Count of samples per vehicle


vehicle
poseidon    6156
sedna       5191
nammu       5180
brizo       3347
neptune     1729
ebisu        603
dtype: int64

In [142]:
def generate_tiny_dataset_split():
    size = 128
    train_set = distrib.sample(size, random_state=123)
    return train_set

In [148]:
def generate_dataset_split():
    # Define dataset sizes
    size = len(distrib)
    train_size = int(size * .7)
    test_size = int(size * .2)
    val_size = size - train_size - test_size
    print(f'Train/val/test split:        '
         f'({train_size:5g}, {val_size:5g}, {test_size:5g})')
    print(
        f'Train/val/test split (in %): '
        f'({train_size / size * 100 :5.1f}, {val_size / size * 100 :5.1f}, {test_size / size * 100 :5.1f})'
    )
    
    # Isolate `ebisu` vehicle for test set
    # ensure we have a car not included in the training set
    single_vehicle_test_set = distrib.query('vehicle == "ebisu"')
    remaining_test_set_size = test_size - len(single_vehicle_test_set)
    distrib_without_ebisu = distrib.query('vehicle != "ebisu"').reset_index(drop=True)
    
    stratification = distrib_without_ebisu['run_id'].astype(str)
    counts = stratification.value_counts()
    stratification[stratification.isin(counts[counts <= 10].index.tolist())] = 'few'

    # Generate remaining train/val/test split
    train_set, val_test_set = train_test_split(
        distrib_without_ebisu,
        test_size=val_size + remaining_test_set_size,
        train_size=train_size,
        random_state=123,
        shuffle=True,
        stratify=stratification
    )

    val_set, complementary_test_set = train_test_split(
        val_test_set,
        train_size=val_size,
        test_size=remaining_test_set_size,
        random_state=123,
        shuffle=True
    )

    test_set = pd.concat([single_vehicle_test_set, complementary_test_set])
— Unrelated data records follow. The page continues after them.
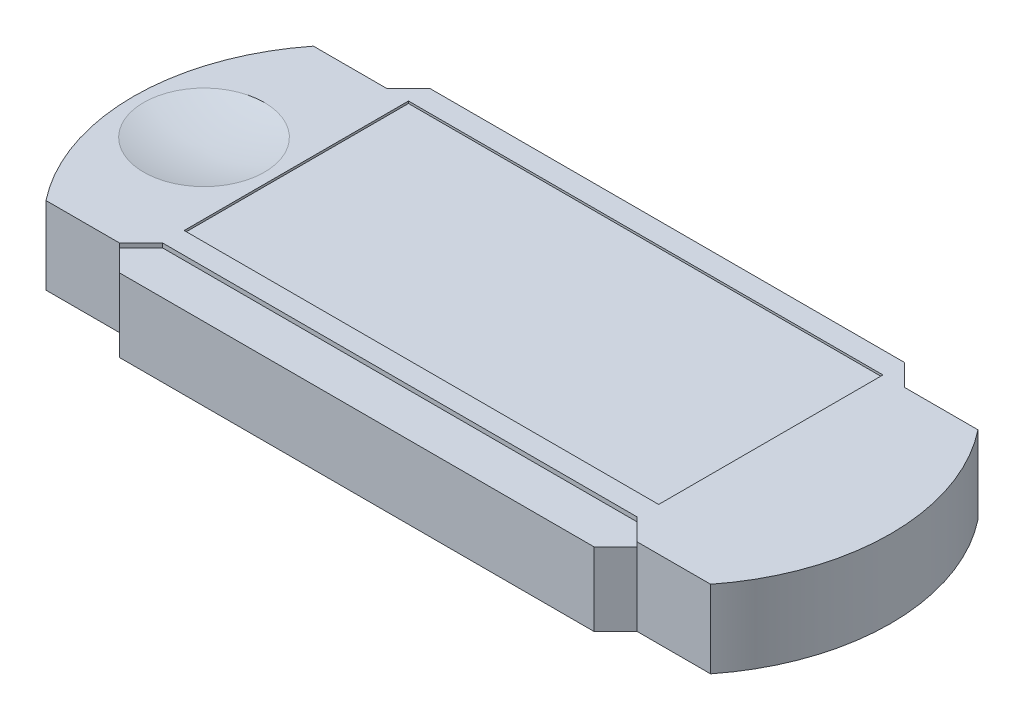
from build123d import *

# Parameters (mm, degrees)
BOSS_EXTRUDE1_DEPTH = 18
CUT_EXTRUDE1_DEPTH  = 1
SKETCH3_W           = 110
SKETCH3_H           = 52
CUT_EXTRUDE2_DEPTH  = 0.5


with BuildPart() as part:
    # Sketch1 → Boss-Extrude1 (new body)
    with BuildSketch(Plane(origin=(0, 0, 0), x_dir=(1, 0, 0), z_dir=(0, 1, 0))):
        with BuildLine():
            Line((-55, -36), (55, -36))
            Line((55, -36), (60, -31))
            Line((60, -31), (77.030090492, -31))
            ThreePointArc((77.030090492, -31), (87.8, 0), (77.030090492, 31))
            Line((77.030090492, 31), (60, 31))
            Line((60, 31), (55, 36))
            Line((55, 36), (-55, 36))
            Line((-55, 36), (-60, 31))
            Line((-60, 31), (-77.030090492, 31))
            ThreePointArc((-77.030090492, 31), (-87.8, 0), (-77.030090492, -31))
            Line((-77.030090492, -31), (-60, -31))
            Line((-60, -31), (-55, -36))
        make_face()
    extrude(amount=-BOSS_EXTRUDE1_DEPTH)

    # Sketch2 → Cut-Extrude1 (cut)
    with BuildSketch(Plane(origin=(0, 0, 0), x_dir=(1, 0, 0), z_dir=(0, 1, 0))):
        Polygon((55, -36), (60, -31), (55, -26), (-55, -26), (-60, -31), (-55, -36), align=None)
    extrude(amount=-CUT_EXTRUDE1_DEPTH, mode=Mode.SUBTRACT)

    # Sketch3 → Cut-Extrude2 (cut)
    with BuildSketch(Plane(origin=(0, 0, 0), x_dir=(1, 0, 0), z_dir=(0, 1, 0))):
        with Locations((0, 5)):
            Rectangle(SKETCH3_W, SKETCH3_H)
    extrude(amount=-CUT_EXTRUDE2_DEPTH, mode=Mode.SUBTRACT)

    # Sketch4 → Cut-Revolve1 (revolve, cut)
    with BuildSketch(Plane.XY):
        with BuildLine():
            Line((-71.4, 0), (-85.4, 0))
            ThreePointArc((-85.4, 0), (-78.464550283, -1.451851979), (-71.4, -2))
            Line((-71.4, -2), (-71.4, 0))
        make_face()
    revolve(axis=Axis((-71.4, -2, 0), (0, 1, 0)), mode=Mode.SUBTRACT)


solid = part.part
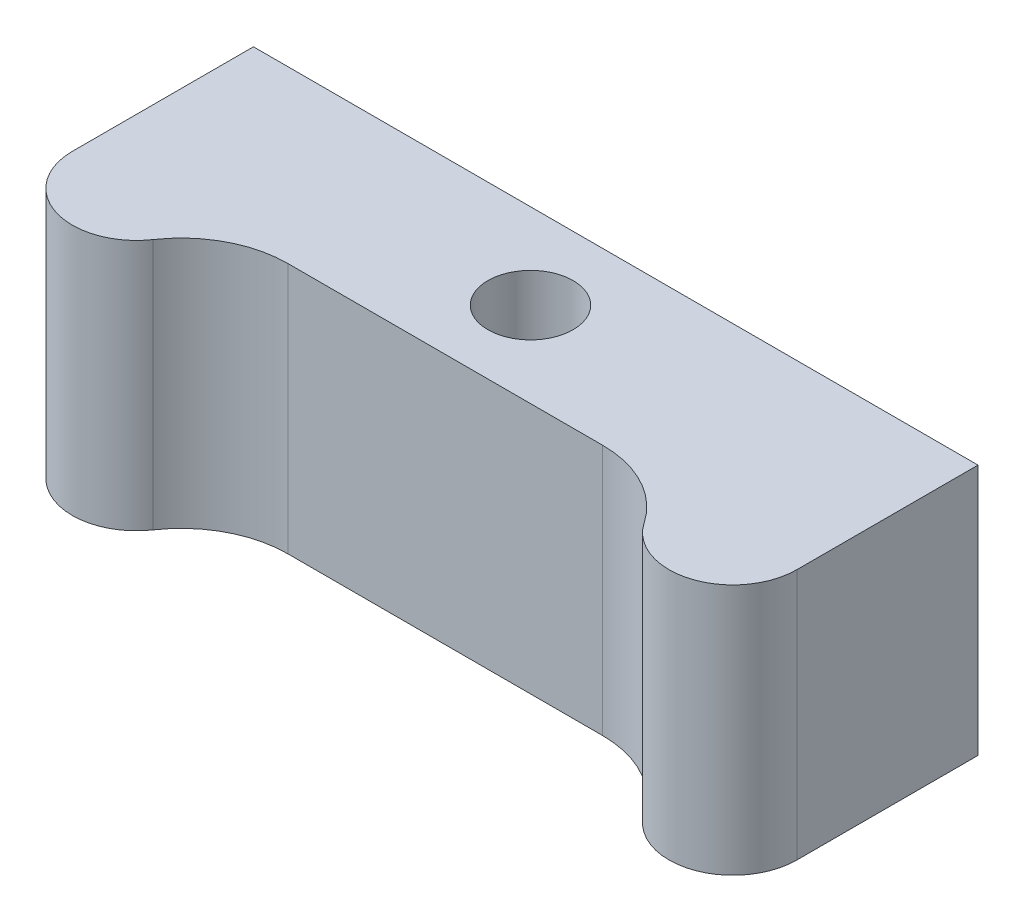
from build123d import *

# Parameters (mm, degrees)
BOSS_EXTRUDE1_DEPTH = 11.8
SKETCH2_R           = 2
CUT_EXTRUDE1_DEPTH  = 12.8


with BuildPart() as part:
    # Sketch1 → Boss-Extrude1 (new body)
    with BuildSketch(Plane(origin=(0, 0, 0), x_dir=(1, 0, 0), z_dir=(0, 1, 0))):
        with BuildLine():
            Line((7.385621722, -4), (-7.385621722, -4))
            ThreePointArc((-7.385621722, -4), (-9.724157589, -4.580582618), (-11.519608146, -6.1875))
            ThreePointArc((-11.519608146, -6.1875), (-14.882843258, -7.367156742), (-17, -4.5))
            Line((-17, -4.5), (-17, 4))
            Line((-17, 4), (17, 4))
            Line((17, 4), (17, -4.5))
            ThreePointArc((17, -4.5), (14.882843258, -7.367156742), (11.519608146, -6.1875))
            ThreePointArc((11.519608146, -6.1875), (9.724157589, -4.580582618), (7.385621722, -4))
        make_face()
    extrude(amount=BOSS_EXTRUDE1_DEPTH)

    # Sketch2 → Cut-Extrude1 (cut, through all)
    with BuildSketch(Plane(origin=(0, 11.8, 0), x_dir=(1, 0, 0), z_dir=(0, 1, 0))):
        Circle(SKETCH2_R)
    extrude(amount=-CUT_EXTRUDE1_DEPTH, mode=Mode.SUBTRACT)


solid = part.part

    print(f'Actual Train/val/test split: '
         f'({len(train_set):5g}, {len(val_set):5g}, {len(test_set):5g})')

    assert (len(train_set), len(val_set), len(test_set)) == (train_size, val_size, test_size)
    return train_set, val_set, test_set

# Save files .txt

In [150]:
root = Path('/mnt/remote/data/users/thomasssajot/yolo_dataset/traffic_lights_2020/distorted/')
train_file = root / 'train.txt'
test_file = root / 'test.txt'
val_file = root / 'val.txt'


for file_name, dataset in zip([train_file, val_file, test_file], generate_dataset_split()):
    data = '\n'.join(dataset['file'].astype(str)) + '\n'
    with file_name.open('w') as f:
        f.write(data)

Train/val/test split:        (15544,  2221,  4441)
Train/val/test split (in %): ( 70.0,  10.0,  20.0)
Actual Train/val/test split: (15544,  2221,  4441)